Piscina temperada, tenia un trampolin pero lo quitaron hace 15 años.

























Plaza del ajedrez









Flor de la retama









Juegos para los niños









Y para finalizar otra vista de la ciudad.


----------



## alibiza_1014 (Jun 12, 2005)

Que bonito y apacible lugar, con una vista de toda la ciudad, estoy seguro que desde ahi tambien se podrían sacar unas buenas vistas de Huancayo, a ver si alguién se anima.


----------



## skyperu34 (May 25, 2003)

interesante lugar, me gusta todo lugar de recreacion publica que se hace en ciudades andinas, aprovechan muy bien el entorno !!!


----------



## wallh (Jun 12, 2005)

Huancayo siempre me trae buenos recuerdos!!!


----------



## El Bajopontino (Feb 17, 2005)

Me agrada, me parece que Huancayo es una ciudad muy pintoresca.


----------



## mAcRoSs (Dec 1, 2004)

hm... los monumentos se ven medio huachafones pero al menos hay areas verdes bien cuidadas. las piscinas tampoco estan mal


----------



## Libidito (Aug 5, 2005)

Muy bonito los paisajess.


----------



## pedro1011 (Jan 15, 2005)

Está bonito el sitio. En cuanto a lo de huachafería, no hay que olvidar, mi estimado Macross, que la idiosincracia de la gente de la sierra central es alegre y colorida. Por lo tanto, al hacer obras de ese tipo, acordes a su identidad, no están siendo huachafos, sino dando rienda suelta a su auténtica forma de ser.


----------



## Vane de Rosas (May 8, 2005)

Nice!!!


----------



## sebvill (Apr 13, 2005)

Muy bonito!!


----------



## rafo18 (Mar 9, 2005)

pedro1011 said:


> Está bonito el sitio.
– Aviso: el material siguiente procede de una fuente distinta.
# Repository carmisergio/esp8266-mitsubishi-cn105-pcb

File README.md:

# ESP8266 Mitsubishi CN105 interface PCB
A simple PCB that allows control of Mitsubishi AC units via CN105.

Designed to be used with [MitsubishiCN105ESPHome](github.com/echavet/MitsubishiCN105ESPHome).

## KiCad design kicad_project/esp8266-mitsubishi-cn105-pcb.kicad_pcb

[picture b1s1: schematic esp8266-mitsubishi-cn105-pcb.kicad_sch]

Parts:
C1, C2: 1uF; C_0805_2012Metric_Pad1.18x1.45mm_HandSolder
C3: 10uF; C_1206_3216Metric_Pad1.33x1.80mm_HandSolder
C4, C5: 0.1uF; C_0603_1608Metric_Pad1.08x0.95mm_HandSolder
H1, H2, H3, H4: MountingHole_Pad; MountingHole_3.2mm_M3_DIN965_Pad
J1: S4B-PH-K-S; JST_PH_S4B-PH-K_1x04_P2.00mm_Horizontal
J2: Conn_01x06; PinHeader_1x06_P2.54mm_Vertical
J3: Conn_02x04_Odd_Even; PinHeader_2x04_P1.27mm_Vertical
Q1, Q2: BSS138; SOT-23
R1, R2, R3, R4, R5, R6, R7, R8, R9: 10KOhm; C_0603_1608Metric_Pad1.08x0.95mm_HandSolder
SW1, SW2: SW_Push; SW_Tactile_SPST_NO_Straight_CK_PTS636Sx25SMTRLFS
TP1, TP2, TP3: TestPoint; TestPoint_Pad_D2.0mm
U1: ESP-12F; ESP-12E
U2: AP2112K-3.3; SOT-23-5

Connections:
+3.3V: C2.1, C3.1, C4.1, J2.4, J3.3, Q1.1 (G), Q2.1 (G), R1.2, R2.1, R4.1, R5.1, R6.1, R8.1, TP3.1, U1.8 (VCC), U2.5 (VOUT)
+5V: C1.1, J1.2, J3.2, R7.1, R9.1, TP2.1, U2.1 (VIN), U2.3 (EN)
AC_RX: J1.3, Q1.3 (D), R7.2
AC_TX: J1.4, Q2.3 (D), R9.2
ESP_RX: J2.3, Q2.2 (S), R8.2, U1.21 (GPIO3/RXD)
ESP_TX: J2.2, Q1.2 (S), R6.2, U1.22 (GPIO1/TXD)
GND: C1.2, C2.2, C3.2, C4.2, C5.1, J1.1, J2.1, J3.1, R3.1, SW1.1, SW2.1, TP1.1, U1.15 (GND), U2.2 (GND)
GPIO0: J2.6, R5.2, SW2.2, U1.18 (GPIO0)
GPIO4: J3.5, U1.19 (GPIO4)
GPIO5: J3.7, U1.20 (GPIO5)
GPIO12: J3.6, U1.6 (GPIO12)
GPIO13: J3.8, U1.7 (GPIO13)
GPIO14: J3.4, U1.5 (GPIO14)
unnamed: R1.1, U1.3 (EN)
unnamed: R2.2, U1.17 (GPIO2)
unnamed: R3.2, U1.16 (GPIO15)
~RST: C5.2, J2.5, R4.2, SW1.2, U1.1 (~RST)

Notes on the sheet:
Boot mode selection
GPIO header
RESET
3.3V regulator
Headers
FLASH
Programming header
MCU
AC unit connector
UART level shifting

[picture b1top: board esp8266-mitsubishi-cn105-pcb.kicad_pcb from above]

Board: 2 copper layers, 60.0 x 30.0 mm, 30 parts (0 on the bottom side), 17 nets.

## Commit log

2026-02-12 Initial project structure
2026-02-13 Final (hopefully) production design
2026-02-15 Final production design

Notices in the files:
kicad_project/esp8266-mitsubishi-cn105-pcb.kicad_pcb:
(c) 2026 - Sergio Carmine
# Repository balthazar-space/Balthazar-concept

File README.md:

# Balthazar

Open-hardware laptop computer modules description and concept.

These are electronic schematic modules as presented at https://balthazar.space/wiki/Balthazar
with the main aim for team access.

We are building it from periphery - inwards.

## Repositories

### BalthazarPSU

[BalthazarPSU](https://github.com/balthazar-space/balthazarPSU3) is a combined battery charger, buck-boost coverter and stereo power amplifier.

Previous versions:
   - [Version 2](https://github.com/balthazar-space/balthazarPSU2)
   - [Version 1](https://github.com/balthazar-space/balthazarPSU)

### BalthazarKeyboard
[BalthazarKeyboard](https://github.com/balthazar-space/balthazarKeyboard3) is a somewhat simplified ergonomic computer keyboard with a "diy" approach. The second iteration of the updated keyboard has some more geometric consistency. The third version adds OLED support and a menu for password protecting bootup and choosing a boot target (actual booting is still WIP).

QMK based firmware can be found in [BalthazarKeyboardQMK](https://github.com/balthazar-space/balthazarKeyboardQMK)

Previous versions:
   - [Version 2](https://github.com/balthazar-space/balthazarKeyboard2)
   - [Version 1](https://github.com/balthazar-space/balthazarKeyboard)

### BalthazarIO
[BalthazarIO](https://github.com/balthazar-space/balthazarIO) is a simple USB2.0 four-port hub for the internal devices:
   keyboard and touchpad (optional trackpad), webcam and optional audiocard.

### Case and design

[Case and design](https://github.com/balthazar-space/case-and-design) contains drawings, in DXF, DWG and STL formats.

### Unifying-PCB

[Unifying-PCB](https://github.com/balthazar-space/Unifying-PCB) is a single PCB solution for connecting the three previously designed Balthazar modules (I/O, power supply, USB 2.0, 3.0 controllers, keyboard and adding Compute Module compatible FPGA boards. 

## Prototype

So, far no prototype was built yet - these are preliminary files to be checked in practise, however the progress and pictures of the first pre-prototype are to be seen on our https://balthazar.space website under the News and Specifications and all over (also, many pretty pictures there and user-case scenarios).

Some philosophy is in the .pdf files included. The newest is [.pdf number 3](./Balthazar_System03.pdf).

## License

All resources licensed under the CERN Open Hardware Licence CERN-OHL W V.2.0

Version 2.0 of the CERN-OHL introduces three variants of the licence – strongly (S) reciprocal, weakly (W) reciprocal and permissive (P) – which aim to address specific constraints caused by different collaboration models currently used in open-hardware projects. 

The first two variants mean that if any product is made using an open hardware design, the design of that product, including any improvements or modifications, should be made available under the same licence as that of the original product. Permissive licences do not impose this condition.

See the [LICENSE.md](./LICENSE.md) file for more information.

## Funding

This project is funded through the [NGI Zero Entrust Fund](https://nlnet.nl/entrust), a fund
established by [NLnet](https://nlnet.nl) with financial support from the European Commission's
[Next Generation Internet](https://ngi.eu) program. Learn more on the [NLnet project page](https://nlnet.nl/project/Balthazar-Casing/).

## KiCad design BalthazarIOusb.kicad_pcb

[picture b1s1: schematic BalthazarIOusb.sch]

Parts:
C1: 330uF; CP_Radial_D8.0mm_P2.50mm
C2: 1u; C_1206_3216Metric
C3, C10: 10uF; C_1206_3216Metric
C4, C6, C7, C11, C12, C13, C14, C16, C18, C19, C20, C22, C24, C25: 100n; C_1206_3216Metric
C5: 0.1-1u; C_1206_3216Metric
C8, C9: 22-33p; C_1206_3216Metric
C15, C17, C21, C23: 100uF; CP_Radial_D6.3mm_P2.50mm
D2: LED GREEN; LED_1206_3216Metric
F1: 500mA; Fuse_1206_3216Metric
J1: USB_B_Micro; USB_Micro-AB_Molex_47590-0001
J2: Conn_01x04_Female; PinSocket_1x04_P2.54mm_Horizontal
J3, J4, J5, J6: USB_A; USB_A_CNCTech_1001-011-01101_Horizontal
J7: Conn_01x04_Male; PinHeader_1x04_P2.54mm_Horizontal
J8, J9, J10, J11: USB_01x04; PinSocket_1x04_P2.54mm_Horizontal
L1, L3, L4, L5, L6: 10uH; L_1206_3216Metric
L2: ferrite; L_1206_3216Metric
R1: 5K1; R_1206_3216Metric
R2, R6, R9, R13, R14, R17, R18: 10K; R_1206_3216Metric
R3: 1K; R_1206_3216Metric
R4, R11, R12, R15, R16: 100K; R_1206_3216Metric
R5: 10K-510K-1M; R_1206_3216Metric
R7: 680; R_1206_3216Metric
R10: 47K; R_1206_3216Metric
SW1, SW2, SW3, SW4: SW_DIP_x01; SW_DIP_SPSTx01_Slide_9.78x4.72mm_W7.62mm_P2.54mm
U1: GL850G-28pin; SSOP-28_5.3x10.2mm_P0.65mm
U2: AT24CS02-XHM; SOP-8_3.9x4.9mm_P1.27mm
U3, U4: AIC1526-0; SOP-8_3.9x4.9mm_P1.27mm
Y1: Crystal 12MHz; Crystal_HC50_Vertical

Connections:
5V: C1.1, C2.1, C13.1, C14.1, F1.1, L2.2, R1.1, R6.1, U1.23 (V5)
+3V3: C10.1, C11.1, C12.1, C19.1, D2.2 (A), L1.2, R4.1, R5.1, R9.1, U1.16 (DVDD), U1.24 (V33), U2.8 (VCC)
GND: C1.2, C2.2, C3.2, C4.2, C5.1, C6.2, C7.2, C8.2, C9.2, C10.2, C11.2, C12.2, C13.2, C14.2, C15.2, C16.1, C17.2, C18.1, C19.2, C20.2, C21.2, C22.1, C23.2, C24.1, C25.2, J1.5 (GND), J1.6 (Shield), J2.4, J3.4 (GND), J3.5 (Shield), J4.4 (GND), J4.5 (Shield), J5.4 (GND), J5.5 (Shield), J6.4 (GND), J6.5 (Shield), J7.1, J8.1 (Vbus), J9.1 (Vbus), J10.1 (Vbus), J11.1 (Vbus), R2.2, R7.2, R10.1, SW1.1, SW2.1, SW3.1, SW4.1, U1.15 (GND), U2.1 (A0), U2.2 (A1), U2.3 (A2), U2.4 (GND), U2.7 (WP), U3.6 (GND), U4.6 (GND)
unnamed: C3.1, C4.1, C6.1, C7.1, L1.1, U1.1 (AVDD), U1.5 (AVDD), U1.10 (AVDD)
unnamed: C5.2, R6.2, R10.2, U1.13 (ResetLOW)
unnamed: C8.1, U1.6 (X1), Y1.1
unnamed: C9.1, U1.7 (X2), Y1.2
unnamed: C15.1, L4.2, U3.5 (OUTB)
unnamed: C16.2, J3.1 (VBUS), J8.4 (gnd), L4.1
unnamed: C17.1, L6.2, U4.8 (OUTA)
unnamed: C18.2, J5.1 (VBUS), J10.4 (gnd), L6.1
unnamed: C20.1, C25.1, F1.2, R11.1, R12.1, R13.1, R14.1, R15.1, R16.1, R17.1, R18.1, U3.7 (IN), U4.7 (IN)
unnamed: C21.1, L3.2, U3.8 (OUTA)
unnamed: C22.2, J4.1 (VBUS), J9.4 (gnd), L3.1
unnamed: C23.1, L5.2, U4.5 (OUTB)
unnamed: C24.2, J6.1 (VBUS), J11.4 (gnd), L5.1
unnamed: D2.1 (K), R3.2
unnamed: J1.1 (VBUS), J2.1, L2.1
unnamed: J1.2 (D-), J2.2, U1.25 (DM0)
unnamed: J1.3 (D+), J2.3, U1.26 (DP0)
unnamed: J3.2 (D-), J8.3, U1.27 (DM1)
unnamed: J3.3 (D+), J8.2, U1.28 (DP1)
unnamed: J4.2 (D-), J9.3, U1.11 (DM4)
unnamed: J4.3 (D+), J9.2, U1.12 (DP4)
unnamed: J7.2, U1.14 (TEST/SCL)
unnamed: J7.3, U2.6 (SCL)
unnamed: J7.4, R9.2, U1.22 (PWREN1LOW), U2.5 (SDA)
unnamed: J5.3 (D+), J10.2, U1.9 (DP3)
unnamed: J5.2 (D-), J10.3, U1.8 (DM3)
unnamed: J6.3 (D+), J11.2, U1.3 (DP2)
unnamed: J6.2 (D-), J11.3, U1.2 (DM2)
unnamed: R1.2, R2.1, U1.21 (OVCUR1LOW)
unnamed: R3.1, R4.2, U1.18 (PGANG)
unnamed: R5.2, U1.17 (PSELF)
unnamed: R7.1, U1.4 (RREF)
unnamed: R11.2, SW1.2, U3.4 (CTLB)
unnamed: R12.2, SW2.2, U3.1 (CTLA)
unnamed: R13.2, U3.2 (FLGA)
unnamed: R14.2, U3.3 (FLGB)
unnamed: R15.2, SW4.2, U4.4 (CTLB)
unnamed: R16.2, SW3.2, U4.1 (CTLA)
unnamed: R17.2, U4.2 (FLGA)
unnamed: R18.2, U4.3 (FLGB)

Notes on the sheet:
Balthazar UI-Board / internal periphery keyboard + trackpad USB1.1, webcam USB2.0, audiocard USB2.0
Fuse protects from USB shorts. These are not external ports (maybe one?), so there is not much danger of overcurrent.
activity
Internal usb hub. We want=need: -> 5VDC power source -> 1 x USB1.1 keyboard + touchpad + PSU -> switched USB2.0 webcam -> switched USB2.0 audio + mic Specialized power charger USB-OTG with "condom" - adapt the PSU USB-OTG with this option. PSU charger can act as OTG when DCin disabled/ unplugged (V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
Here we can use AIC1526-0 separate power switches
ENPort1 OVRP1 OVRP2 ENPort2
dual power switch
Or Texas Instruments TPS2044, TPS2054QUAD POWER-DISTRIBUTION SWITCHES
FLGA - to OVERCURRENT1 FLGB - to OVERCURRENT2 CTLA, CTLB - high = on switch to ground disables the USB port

En cuanto a lo de huachafería, no hay que olvidar, mi estimado Macross, que la idiosincracia de la gente de la sierra central es alegre y colorida. Por lo tanto, al hacer obras de ese tipo, acordes a su identidad, no están siendo huachafos, sino dando rienda suelta a su auténtica forma de ser.


bien dicho


----------



## rafo18 (Mar 9, 2005)

Huancayo simpre da gratas sorpresas al foro....


----------



## Pisco_Perú (Jul 18, 2005)

bonito lugar!


----------



## Mavo92 (Apr 24, 2005)

*Vistas de Huancayo*

Estas fotos que muestran toda la ciudad en 4 partes, estan realizadas desde el último piso del Hotel presidente.
LA calle real,la zona más concurrida de la ciudad, norte de la ciudad









Sobresale la iglesia de la Inmaculada:









EL oeste de la ciudad, destaca el estadio Cuarto Centenario.









La Calle Real, dirección Sur, hacia el distrito de Chilca.









Seguro que lo abran notado,y es que hay muchas construcciones a medio acabar que desentonan.


----------



## El Bajopontino (Feb 17, 2005)

Si pues, a casi todas las construcciones les falta acabado a los costados, además me sorprende la gran cantidad de antenas, creo que muchas ciudades del interior tienen este problema, de veras que se ven horribles.


----------



## pedro1011 (Jan 15, 2005)

Deberíamos crear el Partido Tarrajeísta Peruano. Daríamos una nueva imagen a nuestras ciudades.
Muy bacanes las fotos, Mavo!


----------



## JUANCHO (Nov 4, 2005)

Se ve simplemente caotica!


----------



## EFRACO (Apr 14, 2006)

HUANCAYO NO ME GUSTA IMPERA EL MAL GUSTO Y EL DESORDEN.


----------



## El Bajopontino (Feb 17, 2005)

pedro1011 said:


> Deberíamos crear el Partido Tarrajeísta Peruano. Daríamos una nueva imagen a nuestras ciudades.
> Muy bacanes las fotos, Mavo!


Mejor un Ministerio de Tarrajería y pintura.


----------



## JUANCHO (Nov 4, 2005)

Si se constituyeran empresas de demolición en el Perú, sería un sector extremadamente rentable.


----------